Dec. 10 (Bloomberg) -- Corn fell to a three-week low on signs of slowing overseas demand for supplies from the U.S., the world’s biggest exporter. Soybeans rose, erasing an earlier decline.
Sales of corn for delivery before Aug. 31 totaled 12.23 million metric tons as of Nov. 29, down 46 percent from a year earlier, U.S. Department of Agriculture data show. Premiums paid for deliveries near New Orleans last week fell the most in three months.
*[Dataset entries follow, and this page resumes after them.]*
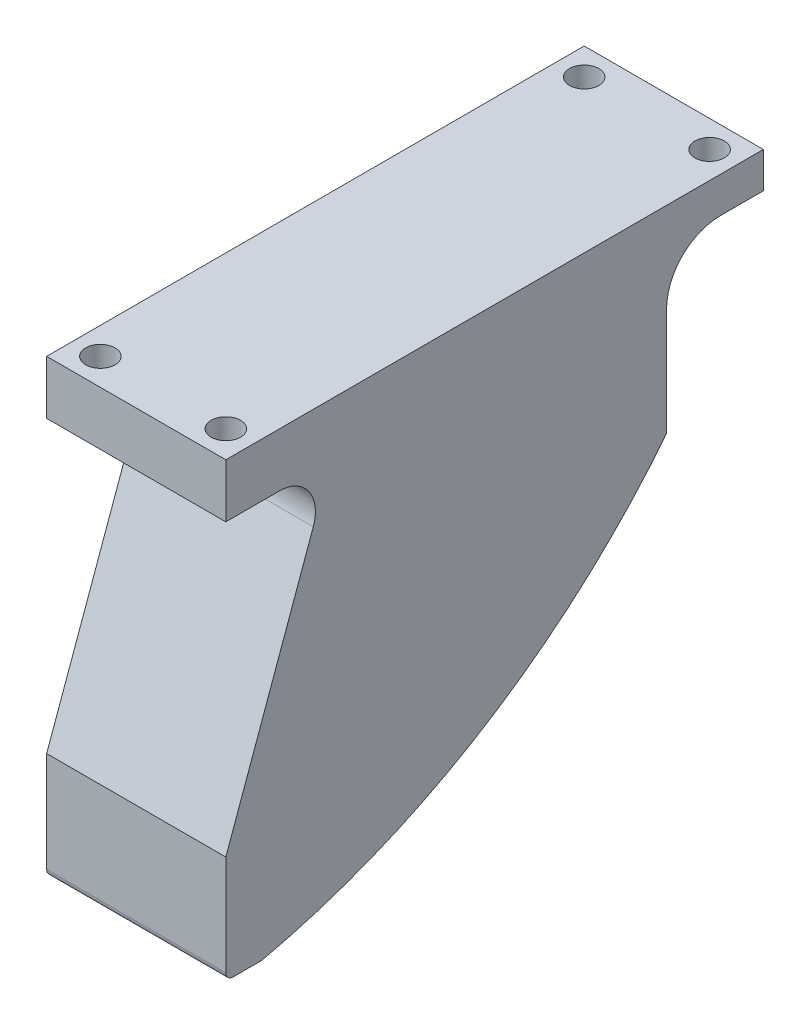
ISO-10303-21;
HEADER;
FILE_DESCRIPTION(('STEP AP214'),'2;1');
FILE_NAME('part.step','',(''),(''),'','','');
FILE_SCHEMA(('AUTOMOTIVE_DESIGN { 1 0 10303 214 1 1 1 1 }'));
ENDSEC;
DATA;
#1=APPLICATION_CONTEXT('core data for automotive mechanical design processes');
#2=APPLICATION_PROTOCOL_DEFINITION('international standard','automotive_design',2000,#1);
#3=PRODUCT_CONTEXT('',#1,'mechanical');
#4=PRODUCT('Part','Part','',(#3));
#5=PRODUCT_RELATED_PRODUCT_CATEGORY('part','',(#4));
#6=PRODUCT_DEFINITION_FORMATION('','',#4);
#7=PRODUCT_DEFINITION_CONTEXT('part definition',#1,'design');
#8=PRODUCT_DEFINITION('design','',#6,#7);
#9=PRODUCT_DEFINITION_SHAPE('','',#8);
#10=(LENGTH_UNIT() NAMED_UNIT(*) SI_UNIT(.MILLI.,.METRE.));
#11=(NAMED_UNIT(*) PLANE_ANGLE_UNIT() SI_UNIT($,.RADIAN.));
#12=(NAMED_UNIT(*) SI_UNIT($,.STERADIAN.) SOLID_ANGLE_UNIT());
#13=UNCERTAINTY_MEASURE_WITH_UNIT(LENGTH_MEASURE(1.E-05),#10,'distance_accuracy_value','');
#14=(GEOMETRIC_REPRESENTATION_CONTEXT(3) GLOBAL_UNCERTAINTY_ASSIGNED_CONTEXT((#13)) GLOBAL_UNIT_ASSIGNED_CONTEXT((#10,
#11,#12)) REPRESENTATION_CONTEXT('',''));
#15=CARTESIAN_POINT('',(0.,0.,0.));
#16=DIRECTION('',(0.,0.,1.));
#17=DIRECTION('',(1.,0.,0.));
#18=AXIS2_PLACEMENT_3D('',#15,#16,#17);
#19=CARTESIAN_POINT('',(0.,-46.750329049547,-58.1304748212491));
#20=DIRECTION('',(1.,0.,0.));
#21=DIRECTION('',(0.,1.,0.));
#22=AXIS2_PLACEMENT_3D('',#19,#20,#21);
#23=PLANE('',#22);
#24=CARTESIAN_POINT('',(0.,-124.,-2.));
#25=DIRECTION('',(1.,0.,0.));
#26=DIRECTION('',(0.,-0.707106781186546,0.707106781186549));
#27=AXIS2_PLACEMENT_3D('',#24,#25,#26);
#28=CIRCLE('',#27,2.);
#29=CARTESIAN_POINT('',(0.,-124.,0.));
#30=VERTEX_POINT('',#29);
#31=CARTESIAN_POINT('',(0.,-126.,-2.));
#32=VERTEX_POINT('',#31);
#33=EDGE_CURVE('E217',#30,#32,#28,.T.);
#34=ORIENTED_EDGE('',*,*,#33,.F.);
#35=DIRECTION('',(0.,1.,0.));
#36=VECTOR('',#35,1.);
#37=CARTESIAN_POINT('',(0.,-126.,0.));
#38=LINE('',#37,#36);
#39=CARTESIAN_POINT('',(0.,-96.,0.));
#40=VERTEX_POINT('',#39);
#41=EDGE_CURVE('E212',#30,#40,#38,.T.);
#42=ORIENTED_EDGE('',*,*,#41,.T.);
#43=DIRECTION('',(0.,0.94058436813575,-0.339560077775158));
#44=VECTOR('',#43,1.);
#45=CARTESIAN_POINT('',(0.,-31.1292362331338,-23.4189747738099));
#46=LINE('',#45,#44);
#47=CARTESIAN_POINT('',(0.,-28.3956007777516,-24.4058436813575));
#48=VERTEX_POINT('',#47);
#49=EDGE_CURVE('E333',#40,#48,#46,.T.);
#50=ORIENTED_EDGE('',*,*,#49,.T.);
#51=CARTESIAN_POINT('',(0.,-25.,-15.));
#52=DIRECTION('',(1.,0.,0.));
#53=DIRECTION('',(0.,-0.339560077775158,-0.94058436813575));
#54=AXIS2_PLACEMENT_3D('',#51,#52,#53);
#55=CIRCLE('',#54,10.);
#56=CARTESIAN_POINT('',(0.,-15.,-15.));
#57=VERTEX_POINT('',#56);
#58=EDGE_CURVE('E307',#48,#57,#55,.T.);
#59=ORIENTED_EDGE('',*,*,#58,.T.);
#60=DIRECTION('',(0.,0.,1.));
#61=VECTOR('',#60,1.);
#62=CARTESIAN_POINT('',(0.,-15.,-29.0652374106246));
#63=LINE('',#62,#61);
#64=CARTESIAN_POINT('',(0.,-15.,0.));
#65=VERTEX_POINT('',#64);
#66=EDGE_CURVE('E320',#57,#65,#63,.T.);
#67=ORIENTED_EDGE('',*,*,#66,.T.);
#68=DIRECTION('',(0.,1.,0.));
#69=VECTOR('',#68,1.);
#70=CARTESIAN_POINT('',(0.,-126.,0.));
#71=LINE('',#70,#69);
#72=CARTESIAN_POINT('',(0.,0.,0.));
#73=VERTEX_POINT('',#72);
#74=EDGE_CURVE('E233',#65,#73,#71,.T.);
#75=ORIENTED_EDGE('',*,*,#74,.T.);
#76=DIRECTION('',(0.,0.,-1.));
#77=VECTOR('',#76,1.);
#78=CARTESIAN_POINT('',(0.,0.,0.));
#79=LINE('',#78,#77);
#80=CARTESIAN_POINT('',(0.,0.,-150.));
#81=VERTEX_POINT('',#80);
#82=EDGE_CURVE('E11',#73,#81,#79,.T.);
#83=ORIENTED_EDGE('',*,*,#82,.T.);
#84=DIRECTION('',(0.,-1.,0.));
#85=VECTOR('',#84,1.);
#86=CARTESIAN_POINT('',(0.,0.,-150.));
#87=LINE('',#86,#85);
#88=CARTESIAN_POINT('',(0.,-10.,-150.));
#89=VERTEX_POINT('',#88);
#90=EDGE_CURVE('E237',#81,#89,#87,.T.);
#91=ORIENTED_EDGE('',*,*,#90,.T.);
#92=DIRECTION('',(0.,0.,1.));
#93=VECTOR('',#92,1.);
#94=CARTESIAN_POINT('',(0.,-10.,-98.0652374106246));
#95=LINE('',#94,#93);
#96=CARTESIAN_POINT('',(0.,-10.,-138.));
#97=VERTEX_POINT('',#96);
#98=EDGE_CURVE('E338',#89,#97,#95,.T.);
#99=ORIENTED_EDGE('',*,*,#98,.T.);
#100=CARTESIAN_POINT('',(0.,-25.,-138.));
#101=DIRECTION('',(1.,0.,0.));
#102=DIRECTION('',(0.,1.,0.));
#103=AXIS2_PLACEMENT_3D('',#100,#101,#102);
#104=CIRCLE('',#103,15.);
#105=CARTESIAN_POINT('',(0.,-25.,-123.));
#106=VERTEX_POINT('',#105);
#107=EDGE_CURVE('E344',#97,#106,#104,.T.);
#108=ORIENTED_EDGE('',*,*,#107,.T.);
#109=DIRECTION('',(0.,-1.,0.));
#110=VECTOR('',#109,1.);
#111=CARTESIAN_POINT('',(0.,-50.9512075724548,-123.));
#112=LINE('',#111,#110);
#113=CARTESIAN_POINT('',(0.,-55.1520860953626,-123.));
#114=VERTEX_POINT('',#113);
#115=EDGE_CURVE('E266',#106,#114,#112,.T.);
#116=ORIENTED_EDGE('',*,*,#115,.T.);
#117=CARTESIAN_POINT('',(0.,69.1762667897678,33.6603353400933));
#118=DIRECTION('',(-1.,0.,0.));
#119=DIRECTION('',(0.,0.975881333948839,0.218301676700467));
#120=AXIS2_PLACEMENT_3D('',#117,#118,#119);
#121=CIRCLE('',#120,200.);
#122=CARTESIAN_POINT('',(0.,-126.,-10.));
#123=VERTEX_POINT('',#122);
#124=EDGE_CURVE('E232',#114,#123,#121,.T.);
#125=ORIENTED_EDGE('',*,*,#124,.T.);
#126=DIRECTION('',(0.,0.,1.));
#127=VECTOR('',#126,1.);
#128=CARTESIAN_POINT('',(0.,-126.,-10.));
#129=LINE('',#128,#127);
#130=EDGE_CURVE('E28',#123,#32,#129,.T.);
#131=ORIENTED_EDGE('',*,*,#130,.T.);
#132=EDGE_LOOP('',(#34,#42,#50,#59,#67,#75,#83,#91,#99,#108,#116,#125,#131));
#133=FACE_BOUND('',#132,.T.);
#134=ADVANCED_FACE('F17',(#133),#23,.F.);
#135=CARTESIAN_POINT('',(0.,0.,-150.));
#136=DIRECTION('',(0.,1.,0.));
#137=DIRECTION('',(0.,0.,-1.));
#138=AXIS2_PLACEMENT_3D('',#135,#136,#137);
#139=PLANE('',#138);
#140=CARTESIAN_POINT('',(42.5,0.,-7.5));
#141=DIRECTION('',(0.,-1.,0.));
#142=DIRECTION('',(1.,0.,0.));
#143=AXIS2_PLACEMENT_3D('',#140,#141,#142);
#144=CIRCLE('',#143,4.1);
#145=CARTESIAN_POINT('',(38.4,0.,-7.5));
#146=VERTEX_POINT('',#145);
#147=EDGE_CURVE('E239',#146,#146,#144,.T.);
#148=ORIENTED_EDGE('',*,*,#147,.T.);
#149=EDGE_LOOP('',(#148));
#150=FACE_BOUND('',#149,.T.);
#151=CARTESIAN_POINT('',(7.5,0.,-142.5));
#152=DIRECTION('',(0.,-1.,0.));
#153=DIRECTION('',(1.,0.,0.));
#154=AXIS2_PLACEMENT_3D('',#151,#152,#153);
#155=CIRCLE('',#154,4.1);
#156=CARTESIAN_POINT('',(3.4,0.,-142.5));
#157=VERTEX_POINT('',#156);
#158=EDGE_CURVE('E278',#157,#157,#155,.T.);
#159=ORIENTED_EDGE('',*,*,#158,.T.);
#160=EDGE_LOOP('',(#159));
#161=FACE_BOUND('',#160,.T.);
#162=CARTESIAN_POINT('',(7.5,0.,-7.5));
#163=DIRECTION('',(0.,-1.,0.));
#164=DIRECTION('',(1.,0.,0.));
#165=AXIS2_PLACEMENT_3D('',#162,#163,#164);
#166=CIRCLE('',#165,4.1);
#167=CARTESIAN_POINT('',(3.4,0.,-7.5));
#168=VERTEX_POINT('',#167);
#169=EDGE_CURVE('E267',#168,#168,#166,.T.);
#170=ORIENTED_EDGE('',*,*,#169,.T.);
#171=EDGE_LOOP('',(#170));
#172=FACE_BOUND('',#171,.T.);
#173=CARTESIAN_POINT('',(42.5,0.,-142.5));
#174=DIRECTION('',(0.,-1.,0.));
#175=DIRECTION('',(1.,0.,0.));
#176=AXIS2_PLACEMENT_3D('',#173,#174,#175);
#177=CIRCLE('',#176,4.1);
#178=CARTESIAN_POINT('',(38.4,0.,-142.5));
#179=VERTEX_POINT('',#178);
#180=EDGE_CURVE('E245',#179,#179,#177,.T.);
#181=ORIENTED_EDGE('',*,*,#180,.T.);
#182=EDGE_LOOP('',(#181));
#183=FACE_BOUND('',#182,.T.);
#184=ORIENTED_EDGE('',*,*,#82,.F.);
#185=DIRECTION('',(1.,0.,0.));
#186=VECTOR('',#185,1.);
#187=CARTESIAN_POINT('',(0.,0.,0.));
#188=LINE('',#187,#186);
#189=CARTESIAN_POINT('',(50.,0.,0.));
#190=VERTEX_POINT('',#189);
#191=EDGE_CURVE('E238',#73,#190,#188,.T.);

Brazil, the No. 3 exporter, shipped a record 3.66 million metric tons to overseas buyers in October, more than double a year earlier, government data showed Dec. 4.
“Corn is falling because of slowing U.S. exports,” Greg Grow, the director of agribusiness for Archer Financial Services Inc. in Chicago, said in a telephone interview. “Buyers are looking to alternative supplies outside the U.S.”
Corn futures for March delivery dropped 1 percent to close at $7.30 a bushel at 2 p.m. on the Chicago Board of Trade, after reaching $7.2525, the lowest for a most-active contract since Nov. 16. The grain has fallen 14 percent from a record $8.49 in August.
Soybean futures for January delivery gained 0.2 percent to $14.7475 a bushel in Chicago, the fifth gain in six sessions. Prices reached a record $17.89 on Sept. 4 as drought reduced U.S. production.
Rain expected over the next two weeks will improve soil moisture for developing crops in Brazil, World Weather Inc. said in a report today. In Argentina, dry weather that is forecast during the next five days may firm muddy soils to support farm equipment and accelerate planting. Brazil and Argentina are the two biggest exporters after the U.S.
“Good weather in South America has slowed buying interest,” Grow said. “Brazil is off to a generally good start, and Argentina farmers should make some progress to finish up planting.”
Corn is the biggest U.S. crop, followed by soybeans, hay and wheat.